#### Task instructions
Look through the data below and count each line where the word "Connector" appears. Reply with the count alone.
── Records for the task ──
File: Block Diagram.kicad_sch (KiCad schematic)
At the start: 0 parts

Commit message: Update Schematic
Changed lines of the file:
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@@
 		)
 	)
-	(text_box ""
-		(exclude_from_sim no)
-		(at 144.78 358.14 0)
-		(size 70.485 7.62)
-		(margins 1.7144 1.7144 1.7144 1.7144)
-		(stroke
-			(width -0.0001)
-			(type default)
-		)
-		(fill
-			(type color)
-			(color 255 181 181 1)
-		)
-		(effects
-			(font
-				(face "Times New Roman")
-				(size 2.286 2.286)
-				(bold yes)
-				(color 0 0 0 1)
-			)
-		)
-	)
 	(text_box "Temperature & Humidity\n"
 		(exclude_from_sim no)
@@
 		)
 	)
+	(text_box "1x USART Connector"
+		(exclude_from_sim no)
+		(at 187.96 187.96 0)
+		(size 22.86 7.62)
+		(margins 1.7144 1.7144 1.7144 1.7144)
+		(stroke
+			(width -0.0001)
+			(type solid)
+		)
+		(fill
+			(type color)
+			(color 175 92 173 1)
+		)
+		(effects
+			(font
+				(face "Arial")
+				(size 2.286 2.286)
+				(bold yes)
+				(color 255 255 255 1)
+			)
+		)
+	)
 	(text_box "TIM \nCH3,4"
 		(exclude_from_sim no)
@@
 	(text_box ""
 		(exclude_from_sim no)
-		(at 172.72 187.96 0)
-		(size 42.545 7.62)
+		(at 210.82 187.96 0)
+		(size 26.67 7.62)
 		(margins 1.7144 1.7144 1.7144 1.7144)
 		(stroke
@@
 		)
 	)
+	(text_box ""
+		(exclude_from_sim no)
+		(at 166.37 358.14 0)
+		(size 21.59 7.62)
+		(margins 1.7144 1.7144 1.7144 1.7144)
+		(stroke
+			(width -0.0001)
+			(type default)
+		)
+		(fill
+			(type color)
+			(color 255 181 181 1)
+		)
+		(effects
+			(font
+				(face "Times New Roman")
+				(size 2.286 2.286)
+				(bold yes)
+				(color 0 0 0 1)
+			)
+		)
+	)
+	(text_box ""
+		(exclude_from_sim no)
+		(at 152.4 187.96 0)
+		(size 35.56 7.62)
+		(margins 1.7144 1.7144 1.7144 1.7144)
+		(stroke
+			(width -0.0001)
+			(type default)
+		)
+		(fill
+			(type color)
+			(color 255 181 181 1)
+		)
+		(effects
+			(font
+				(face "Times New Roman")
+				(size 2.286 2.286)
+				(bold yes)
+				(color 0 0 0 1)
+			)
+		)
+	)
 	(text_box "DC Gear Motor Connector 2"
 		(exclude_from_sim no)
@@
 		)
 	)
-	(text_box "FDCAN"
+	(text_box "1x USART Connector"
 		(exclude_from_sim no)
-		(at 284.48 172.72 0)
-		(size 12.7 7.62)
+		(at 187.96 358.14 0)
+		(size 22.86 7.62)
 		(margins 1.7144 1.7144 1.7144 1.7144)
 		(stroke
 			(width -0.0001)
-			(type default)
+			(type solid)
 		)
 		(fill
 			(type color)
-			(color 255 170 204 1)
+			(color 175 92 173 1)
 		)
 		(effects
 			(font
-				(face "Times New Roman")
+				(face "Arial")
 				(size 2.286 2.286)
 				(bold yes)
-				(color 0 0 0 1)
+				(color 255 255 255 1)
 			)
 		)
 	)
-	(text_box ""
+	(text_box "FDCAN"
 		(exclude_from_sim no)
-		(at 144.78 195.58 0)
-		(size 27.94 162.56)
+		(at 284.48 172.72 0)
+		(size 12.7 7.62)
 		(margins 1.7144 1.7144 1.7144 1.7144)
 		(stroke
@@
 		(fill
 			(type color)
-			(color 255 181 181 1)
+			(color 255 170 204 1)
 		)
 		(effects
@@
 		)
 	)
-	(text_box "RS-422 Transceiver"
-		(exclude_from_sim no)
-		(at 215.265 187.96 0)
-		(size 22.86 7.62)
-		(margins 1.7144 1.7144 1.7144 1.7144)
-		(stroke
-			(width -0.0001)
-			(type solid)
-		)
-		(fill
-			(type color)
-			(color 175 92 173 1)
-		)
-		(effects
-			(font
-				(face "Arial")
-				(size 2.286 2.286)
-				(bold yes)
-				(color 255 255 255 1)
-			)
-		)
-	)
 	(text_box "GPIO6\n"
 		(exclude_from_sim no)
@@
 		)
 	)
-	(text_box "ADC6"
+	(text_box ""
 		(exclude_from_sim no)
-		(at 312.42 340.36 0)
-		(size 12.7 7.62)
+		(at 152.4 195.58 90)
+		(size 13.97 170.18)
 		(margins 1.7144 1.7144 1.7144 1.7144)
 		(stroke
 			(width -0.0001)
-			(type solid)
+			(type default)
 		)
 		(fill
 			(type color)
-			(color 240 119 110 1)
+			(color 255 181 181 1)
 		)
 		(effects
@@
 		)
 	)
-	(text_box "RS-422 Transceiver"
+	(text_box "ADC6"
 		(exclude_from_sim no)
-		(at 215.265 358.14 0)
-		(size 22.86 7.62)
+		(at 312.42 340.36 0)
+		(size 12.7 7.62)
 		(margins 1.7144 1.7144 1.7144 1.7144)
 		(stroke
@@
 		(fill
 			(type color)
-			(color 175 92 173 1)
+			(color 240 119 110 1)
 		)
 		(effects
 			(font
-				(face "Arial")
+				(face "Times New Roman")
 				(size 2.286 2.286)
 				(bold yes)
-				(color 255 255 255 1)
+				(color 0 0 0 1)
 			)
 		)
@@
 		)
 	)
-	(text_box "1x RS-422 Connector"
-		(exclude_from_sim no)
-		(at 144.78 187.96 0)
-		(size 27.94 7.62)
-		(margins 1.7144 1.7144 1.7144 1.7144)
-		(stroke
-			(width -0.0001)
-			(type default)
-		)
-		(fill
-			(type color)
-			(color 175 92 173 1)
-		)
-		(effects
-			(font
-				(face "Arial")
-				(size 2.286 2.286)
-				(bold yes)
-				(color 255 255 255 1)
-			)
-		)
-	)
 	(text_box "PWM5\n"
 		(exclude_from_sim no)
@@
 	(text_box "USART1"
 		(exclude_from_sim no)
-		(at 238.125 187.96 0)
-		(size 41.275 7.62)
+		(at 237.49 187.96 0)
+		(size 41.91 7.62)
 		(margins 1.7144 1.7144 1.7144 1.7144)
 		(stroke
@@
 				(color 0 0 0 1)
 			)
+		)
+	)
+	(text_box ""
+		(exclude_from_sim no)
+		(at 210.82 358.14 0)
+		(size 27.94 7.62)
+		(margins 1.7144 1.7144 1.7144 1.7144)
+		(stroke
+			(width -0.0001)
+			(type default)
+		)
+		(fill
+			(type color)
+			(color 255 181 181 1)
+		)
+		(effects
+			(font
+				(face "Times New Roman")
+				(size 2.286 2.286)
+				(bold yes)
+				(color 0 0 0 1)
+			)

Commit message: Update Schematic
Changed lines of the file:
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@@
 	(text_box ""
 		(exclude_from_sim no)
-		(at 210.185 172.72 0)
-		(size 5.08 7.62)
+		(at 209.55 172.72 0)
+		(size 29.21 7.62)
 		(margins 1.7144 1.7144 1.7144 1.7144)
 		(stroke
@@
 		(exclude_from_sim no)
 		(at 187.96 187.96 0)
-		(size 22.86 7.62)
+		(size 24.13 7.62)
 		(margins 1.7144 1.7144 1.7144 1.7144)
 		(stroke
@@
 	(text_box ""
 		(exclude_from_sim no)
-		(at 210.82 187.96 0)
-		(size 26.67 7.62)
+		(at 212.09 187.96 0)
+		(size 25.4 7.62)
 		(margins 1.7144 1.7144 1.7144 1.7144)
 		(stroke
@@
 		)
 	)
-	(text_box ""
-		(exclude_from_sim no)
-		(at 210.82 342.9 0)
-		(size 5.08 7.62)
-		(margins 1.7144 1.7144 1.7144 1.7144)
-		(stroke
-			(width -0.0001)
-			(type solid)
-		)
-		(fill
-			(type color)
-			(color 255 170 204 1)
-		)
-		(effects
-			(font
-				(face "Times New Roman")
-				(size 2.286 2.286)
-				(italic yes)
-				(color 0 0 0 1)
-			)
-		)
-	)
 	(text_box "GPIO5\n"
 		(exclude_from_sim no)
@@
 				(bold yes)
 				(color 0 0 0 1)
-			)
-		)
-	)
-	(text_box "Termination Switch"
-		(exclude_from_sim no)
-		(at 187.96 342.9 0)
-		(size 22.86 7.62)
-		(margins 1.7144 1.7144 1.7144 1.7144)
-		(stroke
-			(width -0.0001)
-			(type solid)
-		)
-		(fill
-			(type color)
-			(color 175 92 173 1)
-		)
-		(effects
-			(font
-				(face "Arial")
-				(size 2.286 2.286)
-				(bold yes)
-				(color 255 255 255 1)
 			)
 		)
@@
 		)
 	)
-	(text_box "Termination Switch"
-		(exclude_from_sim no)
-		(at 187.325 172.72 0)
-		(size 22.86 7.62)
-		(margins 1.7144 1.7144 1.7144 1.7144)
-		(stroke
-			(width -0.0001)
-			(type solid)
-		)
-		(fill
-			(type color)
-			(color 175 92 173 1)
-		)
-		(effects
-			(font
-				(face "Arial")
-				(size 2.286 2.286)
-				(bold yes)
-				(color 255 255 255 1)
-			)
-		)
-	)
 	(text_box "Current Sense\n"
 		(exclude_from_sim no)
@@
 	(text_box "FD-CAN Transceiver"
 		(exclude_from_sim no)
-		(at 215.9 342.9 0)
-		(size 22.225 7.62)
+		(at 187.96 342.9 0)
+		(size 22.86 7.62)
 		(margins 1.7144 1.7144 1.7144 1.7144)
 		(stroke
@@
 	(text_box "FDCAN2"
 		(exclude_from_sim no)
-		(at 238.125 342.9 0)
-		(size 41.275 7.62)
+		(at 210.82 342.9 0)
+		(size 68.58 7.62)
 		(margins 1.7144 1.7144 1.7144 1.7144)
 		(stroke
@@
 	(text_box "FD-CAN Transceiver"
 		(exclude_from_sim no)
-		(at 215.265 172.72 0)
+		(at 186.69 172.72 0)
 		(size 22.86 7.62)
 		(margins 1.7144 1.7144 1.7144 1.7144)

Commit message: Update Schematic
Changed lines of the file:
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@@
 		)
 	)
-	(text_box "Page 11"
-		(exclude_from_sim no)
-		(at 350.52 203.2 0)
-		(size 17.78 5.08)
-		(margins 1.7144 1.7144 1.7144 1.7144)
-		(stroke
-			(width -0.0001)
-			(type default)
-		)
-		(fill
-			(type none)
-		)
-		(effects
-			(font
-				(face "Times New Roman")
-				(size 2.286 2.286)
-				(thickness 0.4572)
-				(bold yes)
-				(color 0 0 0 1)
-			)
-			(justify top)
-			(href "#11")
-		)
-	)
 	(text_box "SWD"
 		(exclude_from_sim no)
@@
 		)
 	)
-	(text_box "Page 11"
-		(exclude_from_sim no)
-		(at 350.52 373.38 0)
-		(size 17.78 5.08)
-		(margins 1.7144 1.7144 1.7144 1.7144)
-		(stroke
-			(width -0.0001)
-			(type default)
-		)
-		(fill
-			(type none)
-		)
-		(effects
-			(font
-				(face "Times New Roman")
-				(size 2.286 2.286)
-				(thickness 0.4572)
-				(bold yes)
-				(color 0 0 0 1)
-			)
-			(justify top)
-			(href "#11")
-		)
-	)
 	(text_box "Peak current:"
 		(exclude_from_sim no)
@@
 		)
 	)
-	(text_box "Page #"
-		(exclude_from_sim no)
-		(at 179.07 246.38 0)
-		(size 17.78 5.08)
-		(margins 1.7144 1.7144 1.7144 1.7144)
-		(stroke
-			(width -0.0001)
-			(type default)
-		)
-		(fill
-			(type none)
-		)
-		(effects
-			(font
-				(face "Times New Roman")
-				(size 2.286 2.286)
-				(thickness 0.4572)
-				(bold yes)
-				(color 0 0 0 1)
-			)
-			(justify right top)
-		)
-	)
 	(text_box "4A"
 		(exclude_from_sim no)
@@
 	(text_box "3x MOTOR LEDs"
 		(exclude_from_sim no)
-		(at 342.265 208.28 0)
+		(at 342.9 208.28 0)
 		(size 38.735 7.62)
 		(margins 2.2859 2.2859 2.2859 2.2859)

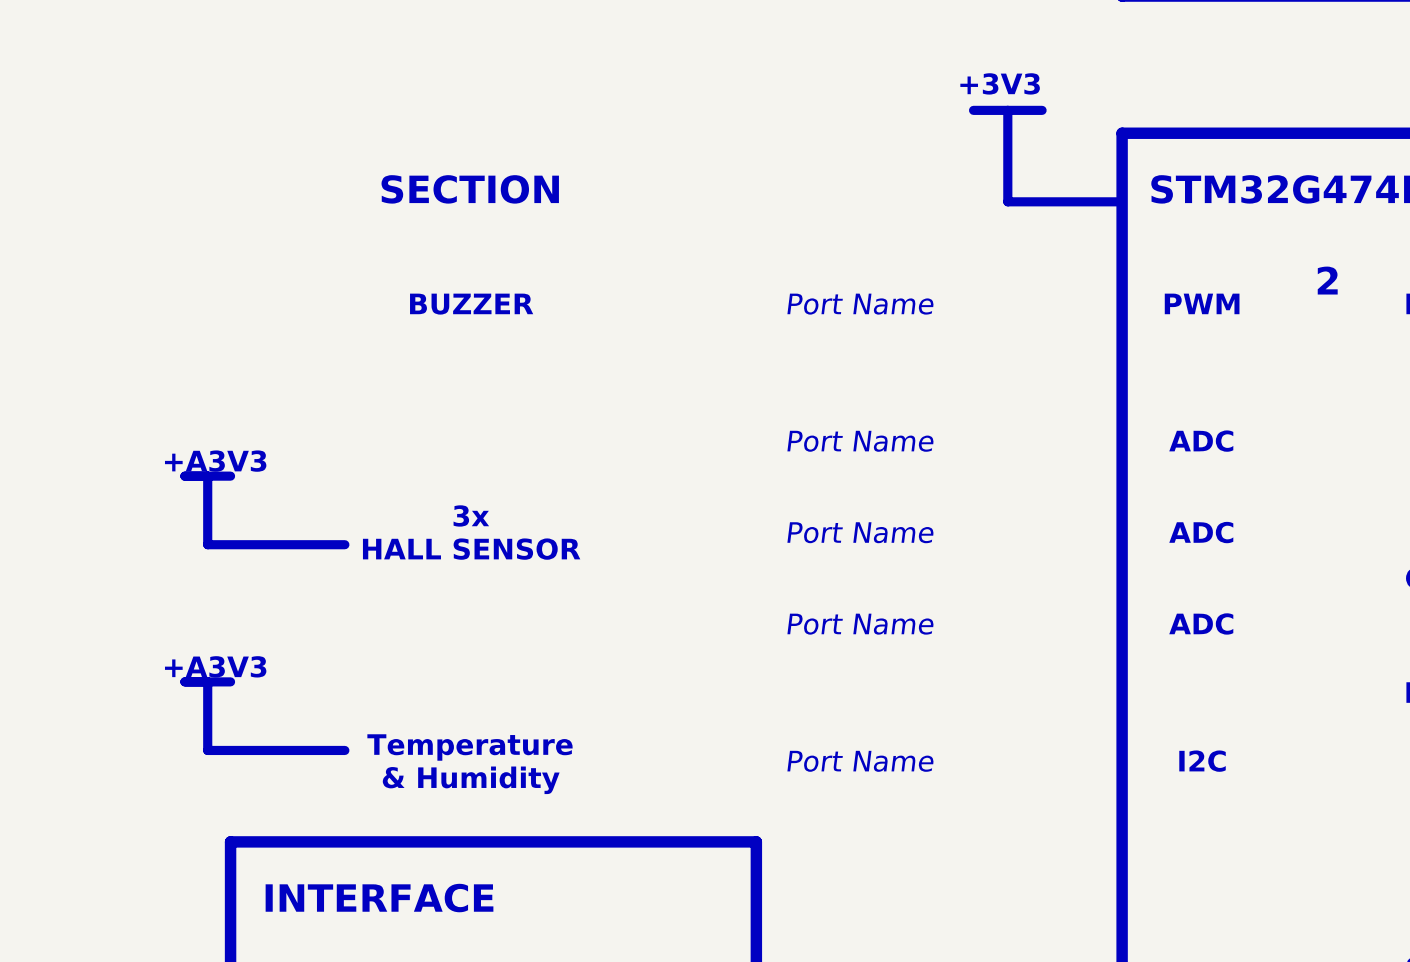
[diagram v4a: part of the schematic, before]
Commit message: Update PCB - Schem - IOC
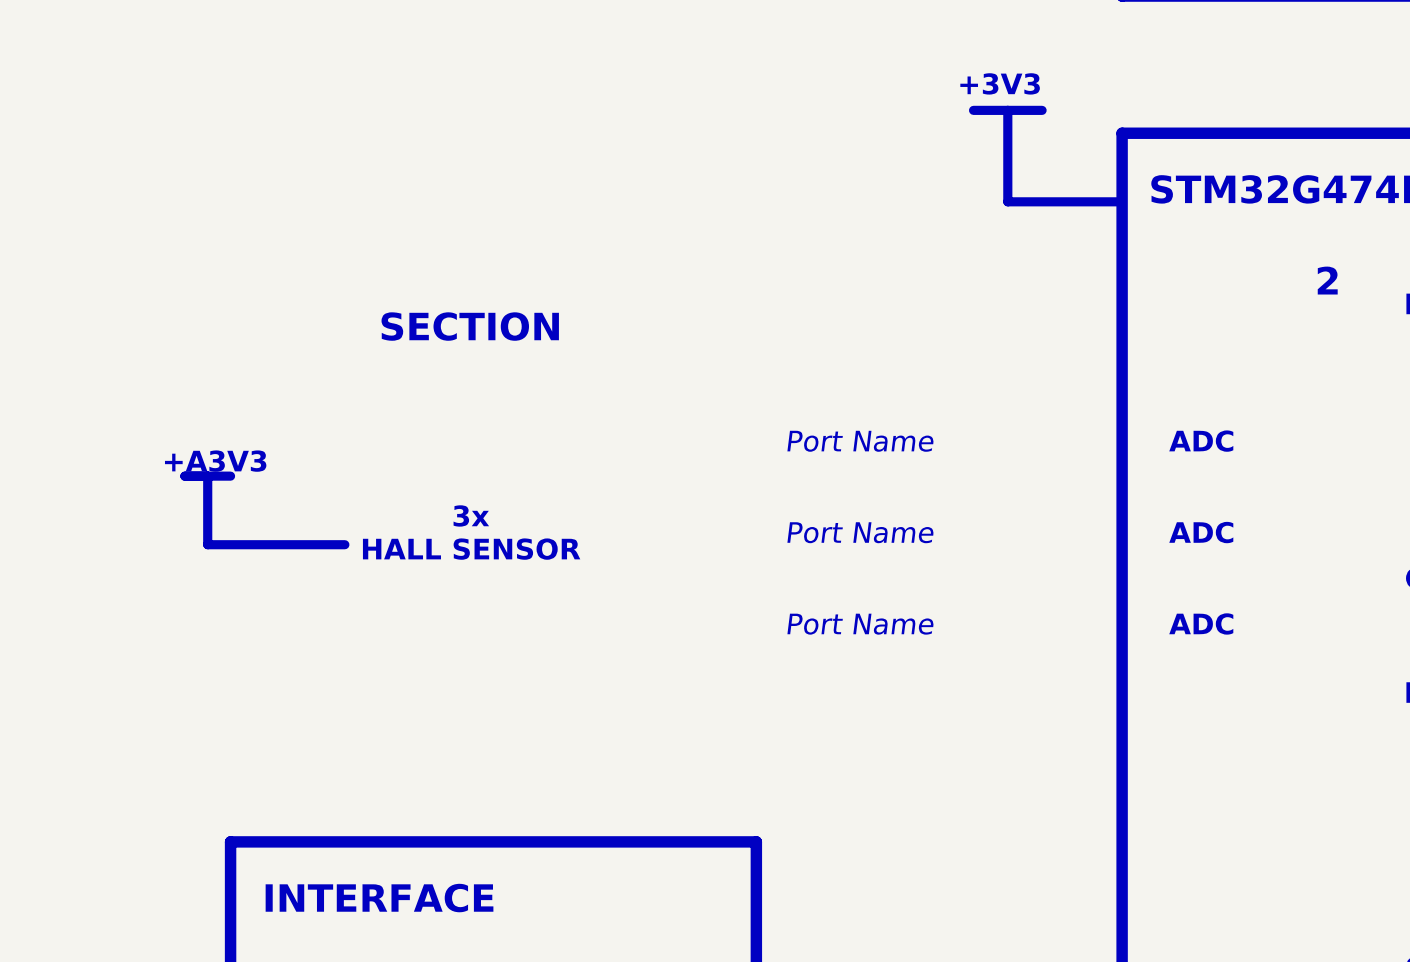
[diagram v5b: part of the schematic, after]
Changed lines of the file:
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@@
 		)
 	)
-	(text "+A3V3"
-		(exclude_from_sim no)
-		(at 175.26 279.4 0)
-		(effects
-			(font
-				(face "Times New Roman")
-				(size 2.286 2.286)
-				(thickness 0.4572)
-				(bold yes)
-				(color 0 0 0 1)
-			)
-			(justify left bottom)
-		)
-	)
 	(text "+5V"
 		(exclude_from_sim no)
@@
 		)
 	)
-	(text_box "BUZZER\n"
-		(exclude_from_sim no)
-		(at 195.58 231.14 0)
-		(size 27.94 12.7)
-		(margins 1.7144 1.7144 1.7144 1.7144)
-		(stroke
-			(width -0.0001)
-			(type solid)
-		)
-		(fill
-			(type color)
-			(color 74 155 203 1)
-		)
-		(effects
-			(font
-				(face "Arial")
-				(size 2.286 2.286)
-				(bold yes)
-				(color 255 255 255 1)
-			)
-		)
-	)
 	(text_box "SWDIO, SWCLK, NRST"
 		(exclude_from_sim no)
@@
 		)
 	)
-	(text_box "Temperature & Humidity\n"
-		(exclude_from_sim no)
-		(at 195.58 281.94 0)
-		(size 27.94 12.7)
-		(margins 1.7144 1.7144 1.7144 1.7144)
-		(stroke
-			(width -0.0001)
-			(type solid)
-		)
-		(fill
-			(type color)
-			(color 74 155 203 1)
-		)
-		(effects
-			(font
-				(face "Arial")
-				(size 2.286 2.286)
-				(bold yes)
-				(color 255 255 255 1)
-			)
-		)
-	)
 	(text_box "M1, M2, C1, C2, VCC, GND"
 		(exclude_from_sim no)
@@
 		)
 	)
-	(text_box "I2C\n"
-		(exclude_from_sim no)
-		(at 284.48 284.48 0)
-		(size 12.7 7.62)
-		(margins 1.7144 1.7144 1.7144 1.7144)
-		(stroke
-			(width -0.0001)
-			(type solid)
-		)
-		(fill
-			(type color)
-			(color 228 41 243 1)
-		)
-		(effects
-			(font
-				(face "Times New Roman")
-				(size 2.286 2.286)
-				(bold yes)
-				(color 0 0 0 1)
-			)
-		)
-	)
 	(text_box "STM32G474RET6\n"
 		(exclude_from_sim no)
@@
 	(text_box "Port Name"
 		(exclude_from_sim no)
-		(at 226.06 284.48 0)
-		(size 53.34 7.62)
-		(margins 1.7144 1.7144 1.7144 1.7144)
-		(stroke
-			(width -0.0001)
-			(type default)
-		)
-		(fill
-			(type color)
-			(color 243 240 160 1)
-		)
-		(effects
-			(font
-				(face "Times New Roman")
-				(size 2.286 2.286)
-				(italic yes)
-				(color 0 0 0 1)
-			)
-		)
-	)
-	(text_box "Port Name"
-		(exclude_from_sim no)
 		(at 330.2 297.18 0)
 		(size 48.26 7.62)
@@
 		)
 	)
-	(text_box "PWM"
-		(exclude_from_sim no)
-		(at 284.48 233.68 0)
-		(size 12.7 7.62)
-		(margins 1.7144 1.7144 1.7144 1.7144)
-		(stroke
-			(width -0.0001)
-			(type solid)
-		)
-		(fill
-			(type color)
-			(color 228 41 243 1)
-		)
-		(effects
-			(font
-				(face "Times New Roman")
-				(size 2.286 2.286)
-				(bold yes)
-				(color 0 0 0 1)
-			)
-		)
-	)
 	(text_box "~200 uF Bulk Capacitance"
 		(exclude_from_sim no)
@@
 		)
 	)
-	(text_box "Port Name"
-		(exclude_from_sim no)
-		(at 226.06 233.68 0)
-		(size 53.34 7.62)
-		(margins 1.7144 1.7144 1.7144 1.7144)
-		(stroke
-			(width -0.0001)
-			(type default)
-		)
-		(fill
-			(type color)
-			(color 243 240 160 1)
-		)
-		(effects
-			(font
-				(face "Times New Roman")
-				(size 2.286 2.286)
-				(italic yes)
-				(color 0 0 0 1)
-			)
-		)
-	)
 	(text_box "MODE, DIAG, OCC, EN"
 		(exclude_from_sim no)
@@
 	(text_box "SECTION"
 		(exclude_from_sim no)
-		(at 195.58 220.98 0)
+		(at 195.58 236.22 0)
 		(size 27.94 7.62)
 		(margins 2.2859 2.2859 2.2859 2.2859)
@@
 	(polyline
 		(pts
-			(xy 180.34 279.4) (xy 180.34 287.02)
-		)
-		(stroke
-			(width 1.016)
-			(type default)
-			(color 162 155 0 1)
-		)
-	)
-	(polyline
-		(pts
 			(xy 83.82 139.7) (xy 98.552 139.7)
 		)
@@
 	(polyline
 		(pts
-			(xy 177.8 279.4) (xy 182.88 279.4)
-		)
-		(stroke
-			(width 1.016)
-			(type default)
-			(color 162 155 0 1)
-		)
-	)
-	(polyline
-		(pts
 			(xy 472.44 114.3) (xy 477.52 114.3)
 		)
@@
 	(polyline
 		(pts
-			(xy 180.34 279.4) (xy 177.8 279.4)
-		)
-		(stroke
-			(width 1.016)
-			(type default)
-			(color 162 155 0 1)
-		)
-	)
-	(polyline
-		(pts
 			(xy 472.44 71.12) (xy 477.52 71.12)
 		)
@@
 		)
 	)
-	(polyline
-		(pts
-			(xy 195.58 287.02) (xy 180.34 287.02)
-		)
-		(stroke
-			(width 1.016)
-			(type default)
-			(color 162 155 0 1)
-		)
-	)
───
#### Task solution
4